Really my only worry is that when I'm riding her, if we trot or lope I'm afraid he'll get excited and chase and possibly nip. Has anyone successfully integrated a horse and a dog without using an E-collar? I was considering buying one but today went so well I think I may try to do without it. Any tips?


----------



## Susan_GSD_mom (Jan 7, 2014)

My experience was always with puppies that were raised around them. It was a training/show stable, and while I was working horses in the arena the dogs were locked in a stall, didn't want any accidents. Otherwise they had run of the farm and didn't pay a whole lot of attention to the horses.

Susan


----------



## Emoore (Oct 9, 2002)

Yeah I'll be doing mostly trailriding with a little schooling. The horse will also be used for working cattle but Kopper won't be around for that. I have this idea in my head of trail riding with Kopper alongside.


----------



## wolfy dog (Aug 1, 2012)

The start sounds good.
I would first get your dog really used to the horse. Then practice on leash obedience around the horse while she is tied. If the horse is used to you and the dog is used to the horse, I would walk them both (not ride the horse but lead) in a walk.

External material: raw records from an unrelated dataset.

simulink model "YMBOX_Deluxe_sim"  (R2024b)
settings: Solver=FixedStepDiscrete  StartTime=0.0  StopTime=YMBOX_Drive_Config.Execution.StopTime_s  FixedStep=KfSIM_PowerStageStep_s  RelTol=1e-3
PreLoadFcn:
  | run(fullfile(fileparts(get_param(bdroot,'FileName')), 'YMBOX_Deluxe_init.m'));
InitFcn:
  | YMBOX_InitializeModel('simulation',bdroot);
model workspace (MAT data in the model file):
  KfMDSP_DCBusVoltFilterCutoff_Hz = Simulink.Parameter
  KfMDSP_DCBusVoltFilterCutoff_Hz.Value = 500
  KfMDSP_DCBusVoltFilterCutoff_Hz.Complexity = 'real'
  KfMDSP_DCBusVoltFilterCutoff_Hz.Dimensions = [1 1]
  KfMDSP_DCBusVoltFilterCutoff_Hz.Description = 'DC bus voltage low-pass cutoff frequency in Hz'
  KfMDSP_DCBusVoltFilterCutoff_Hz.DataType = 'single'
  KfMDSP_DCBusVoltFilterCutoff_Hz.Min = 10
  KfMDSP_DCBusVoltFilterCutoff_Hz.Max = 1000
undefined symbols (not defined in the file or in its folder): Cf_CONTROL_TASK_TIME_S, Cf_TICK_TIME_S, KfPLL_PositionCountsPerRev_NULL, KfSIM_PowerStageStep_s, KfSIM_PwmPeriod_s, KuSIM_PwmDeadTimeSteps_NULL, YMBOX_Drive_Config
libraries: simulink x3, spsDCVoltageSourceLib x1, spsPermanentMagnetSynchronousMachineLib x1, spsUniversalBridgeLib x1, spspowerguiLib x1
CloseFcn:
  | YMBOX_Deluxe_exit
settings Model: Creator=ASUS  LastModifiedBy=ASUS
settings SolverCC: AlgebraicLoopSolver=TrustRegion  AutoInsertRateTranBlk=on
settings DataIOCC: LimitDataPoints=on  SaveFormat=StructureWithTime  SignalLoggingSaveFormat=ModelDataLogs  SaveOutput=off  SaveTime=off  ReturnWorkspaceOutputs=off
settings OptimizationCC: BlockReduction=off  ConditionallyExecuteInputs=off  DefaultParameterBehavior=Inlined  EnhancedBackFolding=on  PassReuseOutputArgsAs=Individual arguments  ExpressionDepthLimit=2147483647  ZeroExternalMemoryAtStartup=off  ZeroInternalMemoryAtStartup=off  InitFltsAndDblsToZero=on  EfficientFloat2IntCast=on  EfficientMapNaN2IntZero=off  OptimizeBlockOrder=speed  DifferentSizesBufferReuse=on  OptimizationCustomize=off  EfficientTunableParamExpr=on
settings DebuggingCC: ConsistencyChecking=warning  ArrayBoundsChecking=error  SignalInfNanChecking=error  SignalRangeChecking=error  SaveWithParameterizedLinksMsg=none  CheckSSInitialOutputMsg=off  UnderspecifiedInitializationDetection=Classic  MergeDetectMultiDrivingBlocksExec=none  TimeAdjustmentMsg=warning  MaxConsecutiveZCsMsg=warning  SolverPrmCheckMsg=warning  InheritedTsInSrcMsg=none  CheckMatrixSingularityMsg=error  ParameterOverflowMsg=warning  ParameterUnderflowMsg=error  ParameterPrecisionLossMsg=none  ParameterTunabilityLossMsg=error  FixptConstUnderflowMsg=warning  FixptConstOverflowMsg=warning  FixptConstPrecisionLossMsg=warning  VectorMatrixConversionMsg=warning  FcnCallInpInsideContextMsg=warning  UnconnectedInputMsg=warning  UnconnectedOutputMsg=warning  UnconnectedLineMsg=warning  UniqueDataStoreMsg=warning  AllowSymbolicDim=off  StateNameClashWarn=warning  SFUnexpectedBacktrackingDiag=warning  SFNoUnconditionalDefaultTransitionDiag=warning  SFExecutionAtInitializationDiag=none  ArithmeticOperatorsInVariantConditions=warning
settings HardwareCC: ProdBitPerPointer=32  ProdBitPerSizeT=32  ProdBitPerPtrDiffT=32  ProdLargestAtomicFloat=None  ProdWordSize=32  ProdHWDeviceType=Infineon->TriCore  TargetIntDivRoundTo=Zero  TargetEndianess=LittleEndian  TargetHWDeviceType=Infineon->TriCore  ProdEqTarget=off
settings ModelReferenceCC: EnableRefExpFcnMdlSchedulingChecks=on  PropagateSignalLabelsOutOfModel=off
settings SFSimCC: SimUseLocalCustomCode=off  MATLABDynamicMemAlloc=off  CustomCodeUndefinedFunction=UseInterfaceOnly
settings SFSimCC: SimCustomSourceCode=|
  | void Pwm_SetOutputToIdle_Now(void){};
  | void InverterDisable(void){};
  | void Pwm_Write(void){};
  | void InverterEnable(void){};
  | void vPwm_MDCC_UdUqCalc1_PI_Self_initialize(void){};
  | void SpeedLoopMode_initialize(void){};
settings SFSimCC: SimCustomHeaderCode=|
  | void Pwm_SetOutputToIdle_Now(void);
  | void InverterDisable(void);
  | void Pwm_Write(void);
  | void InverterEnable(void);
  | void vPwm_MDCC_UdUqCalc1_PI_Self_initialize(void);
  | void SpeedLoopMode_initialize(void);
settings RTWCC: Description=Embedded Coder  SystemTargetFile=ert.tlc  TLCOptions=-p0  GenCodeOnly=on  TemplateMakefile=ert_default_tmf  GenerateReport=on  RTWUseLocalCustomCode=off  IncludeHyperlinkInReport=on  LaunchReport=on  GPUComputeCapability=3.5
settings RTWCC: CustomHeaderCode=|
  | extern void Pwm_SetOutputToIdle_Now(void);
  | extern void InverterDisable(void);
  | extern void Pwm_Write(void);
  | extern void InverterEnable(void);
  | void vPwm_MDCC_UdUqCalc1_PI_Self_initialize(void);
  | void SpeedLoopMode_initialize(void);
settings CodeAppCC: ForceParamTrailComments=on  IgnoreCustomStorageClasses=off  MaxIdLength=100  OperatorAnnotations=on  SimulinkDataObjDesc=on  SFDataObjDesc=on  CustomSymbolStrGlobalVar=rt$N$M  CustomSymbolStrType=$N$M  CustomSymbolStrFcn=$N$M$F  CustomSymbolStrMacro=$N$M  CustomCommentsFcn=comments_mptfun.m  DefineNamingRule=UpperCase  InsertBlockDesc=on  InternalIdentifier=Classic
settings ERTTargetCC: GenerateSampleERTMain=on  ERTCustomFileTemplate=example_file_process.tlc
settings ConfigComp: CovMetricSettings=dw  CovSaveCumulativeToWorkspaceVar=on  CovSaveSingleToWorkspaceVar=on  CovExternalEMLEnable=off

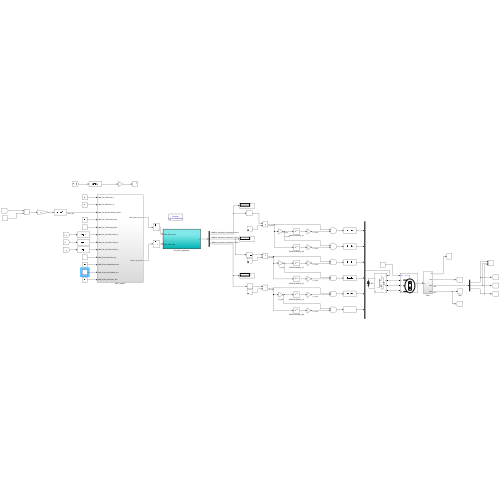
[thumbnail: Simulink's stored preview of the top-level diagram]
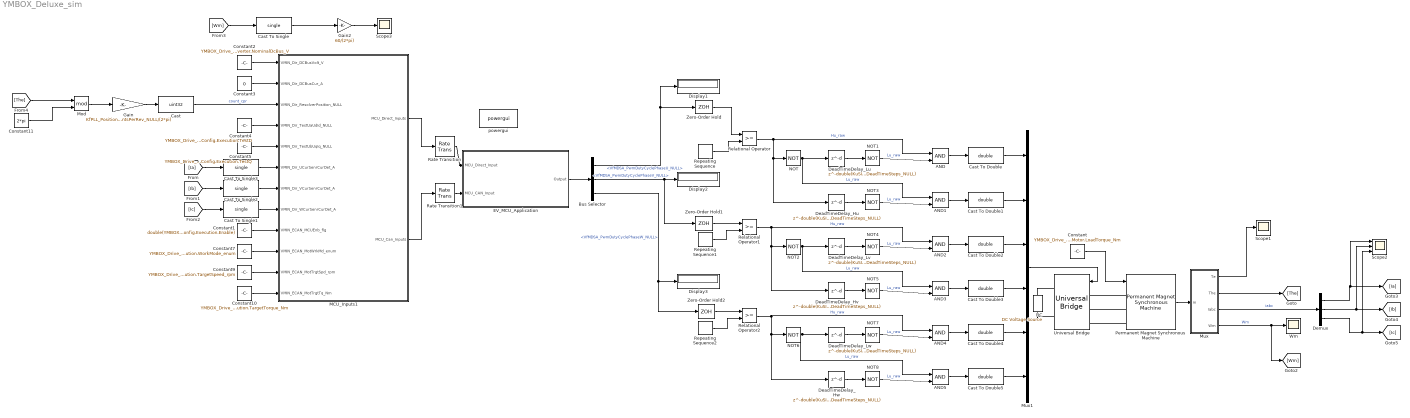
== system YMBOX_Deluxe_sim ==
  AND{,1..5} (6 alike) : Logic  IconShape=distinctive  AllPortsSameDT=off  OutDataTypeStr=boolean
  Bus Selector : BusSelector  OutputSignals=MDSA_output.VfMDSA_PwmDutyCyclePhaseU_NULL,MDSA_output.VfMDSA_PwmDutyCyclePhaseV_NULL,MDSA_output.VfMDSA_PwmDutyCyclePhaseW_NULL
  Cast : DataTypeConversion  OutDataTypeStr=uint32  SaturateOnIntegerOverflow=off  RndMeth=Floor
  Cast To Double{,1..5} (6 alike) : DataTypeConversion  OutDataTypeStr=double  SaturateOnIntegerOverflow=off  RndMeth=Floor
  Cast To Single{,1..3} (4 alike) : DataTypeConversion  OutDataTypeStr=single  SaturateOnIntegerOverflow=off  RndMeth=Floor
  Constant : Constant  Value=YMBOX_Drive_Config.Motor.LoadTorque_Nm
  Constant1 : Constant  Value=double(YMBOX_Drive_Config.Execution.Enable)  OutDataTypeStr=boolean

When that goes well, try a trot/jog. PLease realize that when you are sitting on a horse your dog may not remember all his commands as they are now not in context anymore. We tend to think that dogs take advantage of us when we ride a horse but it actually is because they have not learned obedience when we sit on horses (situational learning).
i would not start with the Ecollar right away but teach him first. Another way is to have someone else ride the horse and you handle the dog and when that goes well, you ride the horse while a handler handles the dog on leash (as a safety line) but you give the commands to the dog. Make sure you reward with a lot of praise and treats if you can handle horse, dog, treats, reins at the same time. Make sure the two cannot get tangled up in one another. I have ridden my horse with a dog and her colt also came along one time in a large field. It is super fun. Good luck and enjoy the project. I am envious.


----------



## gsdsar (May 21, 2002)

I would first, give the mare a few days to settle before riding. 

Then, have either 1. You ride while some holds your dogs leash so they can correct or 2. Someone else rides while you manage your dog. 

Do you have a ring or round pen? I work her there first, with your dog, so you can step in if needed, before going out on trail with both of them.


----------



## Emoore (Oct 9, 2002)

gsdsar said:


> I would first, give the mare a few days to settle before riding. .


I'm planning the first ride tomorrow. She's been here a week. I gave her a week to settle before riding or bringing the dog out to meet, and the first several rides will be dog-less. Fortunately she seems to have been around dogs and wasn't really bothered by him. 



gsdsar said:


> Then, have either 1. You ride while some holds your dogs leash so they can correct or 2. Someone else rides while you manage your dog.
> 
> Do you have a ring or round pen? I work her there first, with your dog, so you can step in if needed, before going out on trail with both of them. .


We have a small-ish arena that doubles as working pens for the cattle but not a true round pen unfortunately. I think it's a good idea to have someone on the ground with the dog and someone riding the horse.


----------



## LoveEcho (Mar 4, 2011)

Everyone's given great advice. I did lots and lots of obedience around the horses, and then on the horses, with Delta. Echo I was never really able to "override" the prey drive- he's not allowed out while I'm riding. Delta, we worked on a lot of impulse control stuff. I would round pen my mare and do obedience with Delta, and reward her for focusing on me rather than Ginny. We would go on hand-led walks together. Eventually I would do obedience with Delta while I was on Ginny. It became such a non-event eventually, after lots of casual exposure. She's my trail buddy now. Initially the horses were interesting to her, especially my mare who is pretty spooky... but it lost the "fun" factor pretty fast once she learned she got better rewards for listening to me. Now when I school my mare in the ring she just lays in the middle and watches, and is great on trails.


----------



## middleofnowhere (Dec 20, 2000)

Unfortunately, my rock solid mare died before I got the pup really worked into being with a horse. Then I waited a couple of years. Fortunately, this horse couldn't care less about dogs but I have yet to get sufficient time to ride after I moved. 
In the past things just worked or they didn't. One dog I couldn't take on trail rides, others were no problem at all. The late Barker the Elder the first loved my mare. She would chase the mare in the turn out, the mare would then chase her. Then they would lie down together. I did have to convince BtE not to leap and snap at the horse's head when we were riding. Unless you have a significant problem, I wouldn't use an ecollar. 
I'd see how it goes before deciding I needed more equipment/tools.


----------



## LARHAGE (Jul 24, 2006)

I have always tied my new adult dogs to a stall door when I work with my horses so they get used to the smell and movements the horses make, once they don't react to the neighs and snorts etc.. I integrate a long line that they drag while I do horse chores, when I lead the horse the dog is walked next to me so they know that they are not allowed to chase or nip at the horse, I also train them not to come into the stalls or paddocks while a horse is in one. I find some dogs just have more drive but if they have a good recall it's not really that hard, the hardest for my dogs has been when the horses are turned out and if they are running in the paddocks. I had to really refresh Gavin when he returned as he had been away from the horses for a few years, but he quickly has come back to the rules and routine.


----------



## Emoore (Oct 9, 2002)

Good advice here guys, thanks. First ride on the mare today. She's a lot of fun. Loves to go but a responsive handle.


----------